This just in from the medical front: A recent study revealed that surgeons leave tools in 1,500 people a year.
I find this news disturbing because (a) I'm disturbed; (b) carrying a scalpel in my chest cavity could get me arrested at the airport X-ray machine; (c) if I want a souvenir from my hospital visit, I'll settle for the plastic wristband and the complimentary bottle of mouthwash.
No thanks on the scissors and clamps in my colon. We're not even supposed to put whole milk in our bodies; a metal retractor can't be good.
According to the study, approximately 1,500 people go home with more than stitches after an operation. They have retractors, sponges, clamps, electrodes and anything else that isn't nailed down in the OR sewn inside them, which means somebody's got to go back in there and retrieve them. This must be an awkward moment in the old doctor-patient relationship. ("The good news is I removed your tumor; the bad news is, um, I need my laser scalpel back.")
Surgeons, the report says, leave tools lying around in the abdomen, brain, hips, chest and a certain area of the female anatomy that gets a lot of attention from gynecologists (I don't know about you, but that's just way too much information). I talked to two Salt Lake operating-room nurses and a surgeon, but none of them has seen a patient go home with extra baggage.

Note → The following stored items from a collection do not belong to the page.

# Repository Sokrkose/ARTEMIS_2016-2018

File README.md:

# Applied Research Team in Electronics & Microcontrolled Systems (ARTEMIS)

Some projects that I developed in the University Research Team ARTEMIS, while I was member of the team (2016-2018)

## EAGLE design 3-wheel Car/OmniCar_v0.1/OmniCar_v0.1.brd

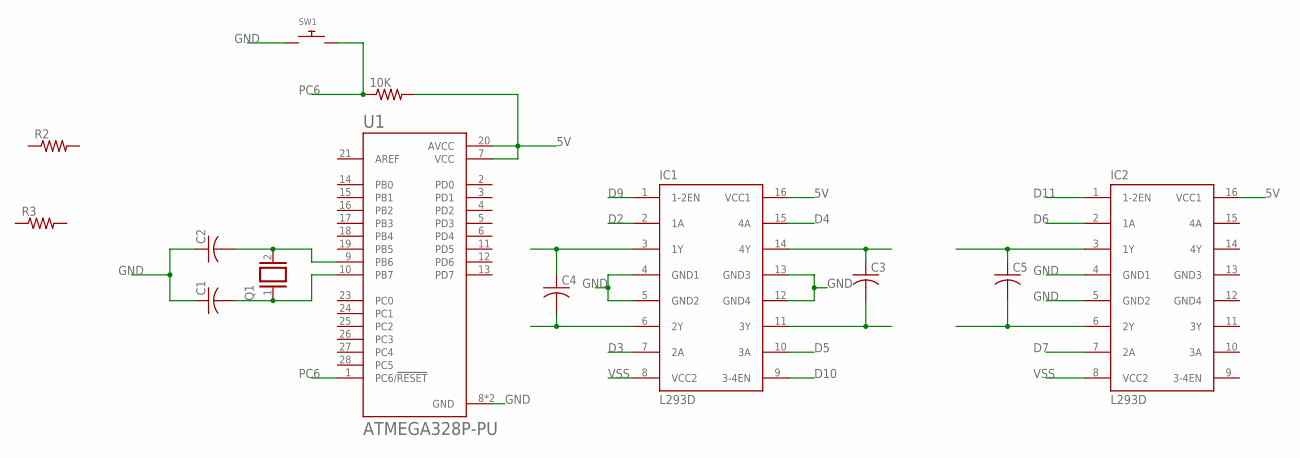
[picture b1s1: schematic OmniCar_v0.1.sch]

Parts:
10K: R-US_0204/5; 0204/5
C1, C2, C3, C4, C5: C-US025-030X050; C025-030X050
IC1, IC2: L293D; DIL16
Q1: XTAL; Q
R2, R3: R-US_0204/5; 0204/5
SW1: SWITCH_PUSHBUTTONEVQ-PE; TACT_PANA-EVQ
U1: ATMEGA328P-PU; DIP794W46P254L2967H457Q28B

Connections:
5V: 10K.2, IC1.16 (VCC1), IC2.16 (VCC1), U1.7 (VCC), U1.20 (AVCC)
D2: IC1.2 (1A)
D3: IC1.7 (2A)
D4: IC1.15 (4A)
D5: IC1.10 (3A)
D6: IC2.2 (1A)
D7: IC2.7 (2A)
D9: IC1.1 (1-2EN)
D10: IC1.9 (3-4EN)
D11: IC2.1 (1-2EN)
GND: C1.1, C2.1, IC1.4 (GND1), IC1.5 (GND2), IC1.12 (GND4), IC1.13 (GND3), IC2.4 (GND1), IC2.5 (GND2), SW1.P$1, U1.8 (GND), U1.22 (GND)
GND3: IC2.13 (GND3)
GND4: IC2.12 (GND4)
unnamed: C2.2, Q1.2, U1.9 (PB6)
unnamed: C1.2, Q1.1, U1.10 (PB7)
unnamed: C4.1, IC1.3 (1Y)
unnamed: C4.2, IC1.6 (2Y)
unnamed: C3.1, IC1.14 (4Y)
unnamed: C3.2, IC1.11 (3Y)
unnamed: C5.1, IC2.3 (1Y)
unnamed: C5.2, IC2.6 (2Y)
PC6: 10K.1, SW1.P$2, U1.1 (PC6/!RESET)
VSS: IC1.8 (VCC2), IC2.8 (VCC2)

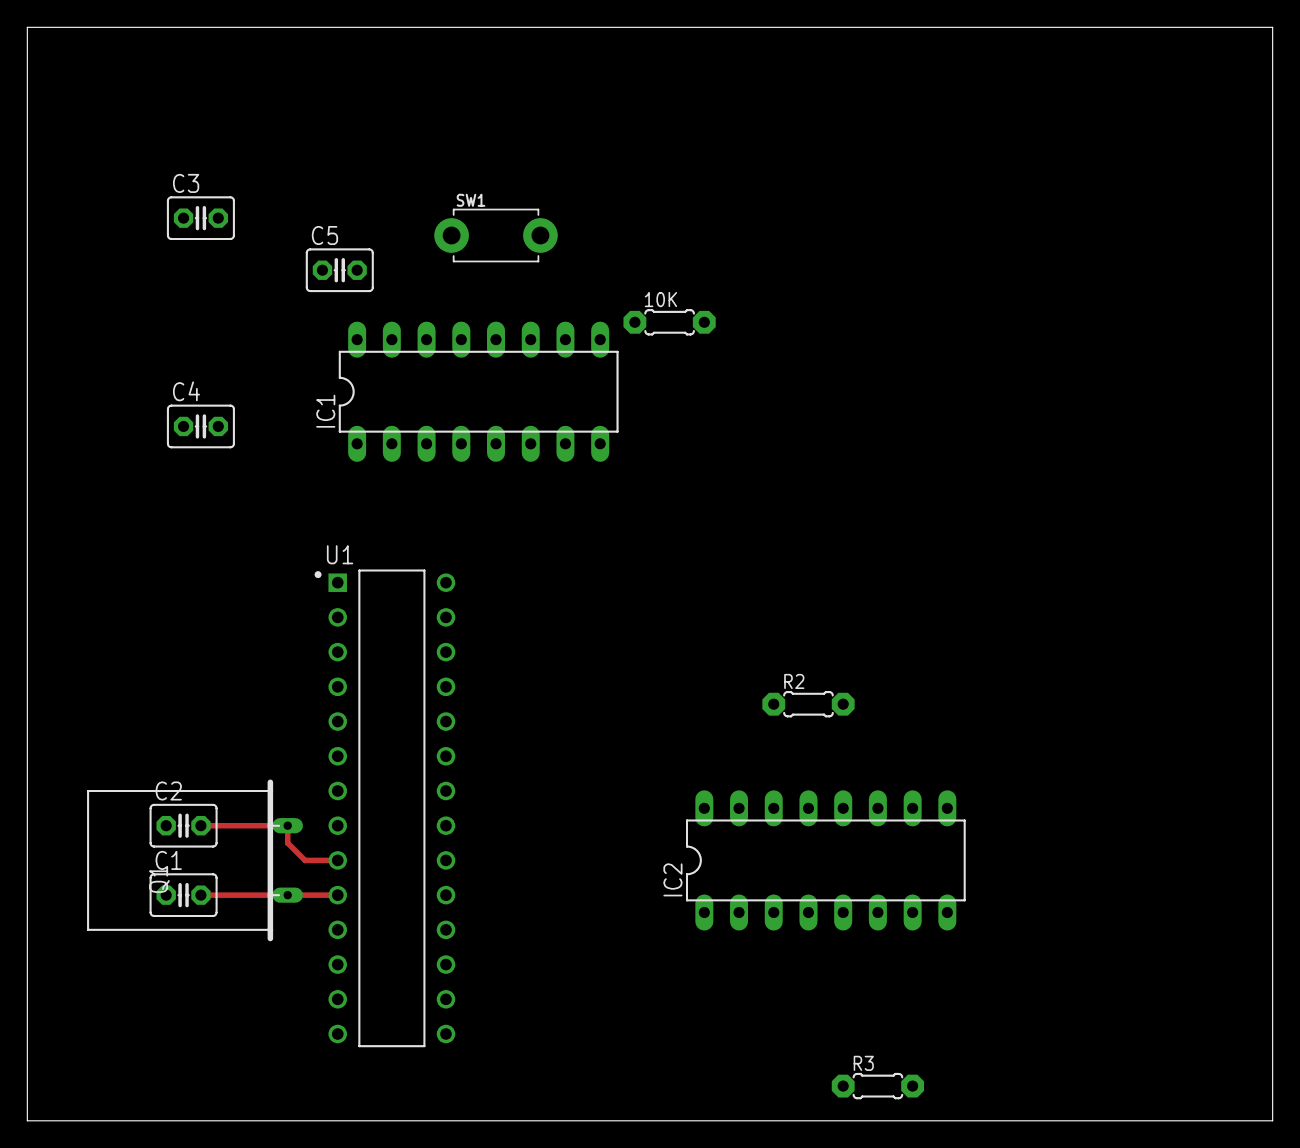
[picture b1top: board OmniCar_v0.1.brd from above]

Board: 2 copper layers, 91.1 x 80.0 mm, 13 parts (0 on the bottom side), 12 nets.

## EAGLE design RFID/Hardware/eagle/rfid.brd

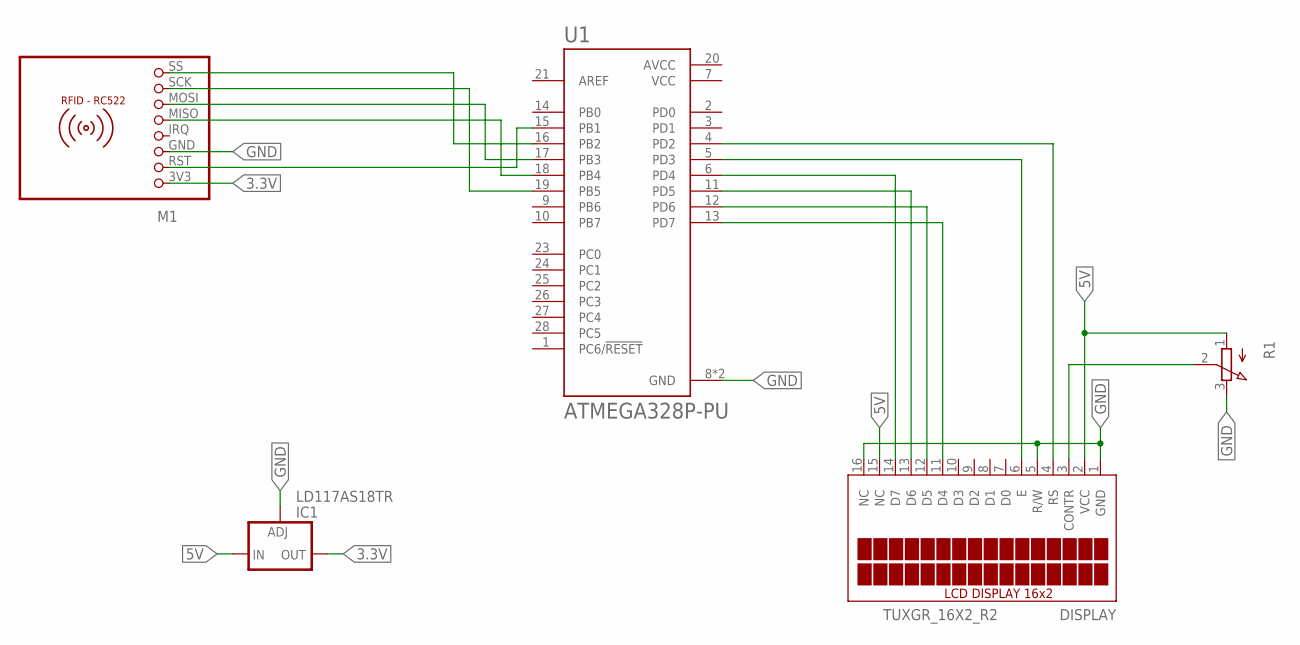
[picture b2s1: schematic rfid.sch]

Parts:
DISPLAY: TUXGR_16X2_R2
IC1: LD117AS18TR; SOT223
M1: RFID-RC522
R1: 3RP/1610N
U1: ATMEGA328P-PU; DIP794W46P254L2967H457Q28B

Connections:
3.3V: IC1.4 (OUT), M1.3V3 (1)
5V: DISPLAY.2 (VCC), IC1.3 (IN), R1.1 (A)
AVCC: U1.20 (AVCC)
GND: DISPLAY.1 (GND), DISPLAY.5 (R/W), DISPLAY.16 (NC), IC1.1 (ADJ), M1.GND (3), R1.3 (E), U1.8 (GND), U1.22 (GND)
unnamed: M1.RST (2), U1.15 (PB1)
unnamed: M1.MISO (5), U1.18 (PB4)
unnamed: M1.MOSI (6), U1.17 (PB3)
unnamed: M1.SCK (7), U1.19 (PB5)
unnamed: M1.SS (8), U1.16 (PB2)
unnamed: DISPLAY.3 (CONTR), R1.2 (S)
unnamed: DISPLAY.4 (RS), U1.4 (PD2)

"It's never happened here that I know of," says one of the nurses at Cottonwood Hospital. "We count everything. We count the sponges and needles before we start a case, and then we count twice before we close up. So it would have to be three mistakes (to leave something in a patient)."
Fine, but most, if not all, hospitals use the same procedure, and that doesn't help those 1,500 patients (and this is when you remember reading about how American math skills are declining faster than Nasdaq). If I ever have an operation, I'm taking a CPA in there with me and two assistants to help with the counting. Nobody closes me until they all get the same score.
"I have never personally had that happen, but I know of incidents in which it has," says one Salt Lake surgeon. According to him, the problem of doctors sewing tools or sponges into patients rises significantly when they're fat — the patients, I mean, not the doctors. When you think about it, that doesn't eliminate much of the population.
"If you're working on the abdominal area, for example, you have to use sponges sort of like sandbags to give yourself an area to work in," he explains. "It would be pretty difficult to lose anything with a lean person."
Doctors have taken numerous precautions to prevent this embarrassing problem. For instance, they put a metal thread in the sponges so that if any of them are missing after an operation they'll show up on an X-ray. And still, it happens.
Doctors say that considering there are 28 million operations performed annually, they've got a pretty good batting average. It's highly unlikely you'll go home with a towel and a doctor's class ring in your gut. And yet I know one former football player who had knee surgery, and a decade later surgeons opened the knee up again and found old gauze bandages and sponges in there.
I'm going to take my own precautions. From now on, I'll be giving my surgeons a little pop quiz before we go in the operating room and begin cutting. The quiz goes something like this:
1. Do you have any nicknames such as "Doctor Mulligan" or "Tom Thumbs"?
2. In the past 30 years, has anyone ever described you as absentminded, forgetful and — ha, ha — someone who would lose his head if it wasn't attached?
3. After an operation, have you ever said these four words: "Anybody seen my Rolex?"
4. Do you forget where you left your keys, shoes, wallet, car?
5. Do your nurses consider counting from 1 to 30 "new math"?
6. Has the hospital ever billed you for missing scissors, scalpels, gloves and clamps?
7. Do any of your patients rattle like a drawer of silverware when you wheel them to the recovery room?
If you answered yes to any of these questions, please count me out as a patient.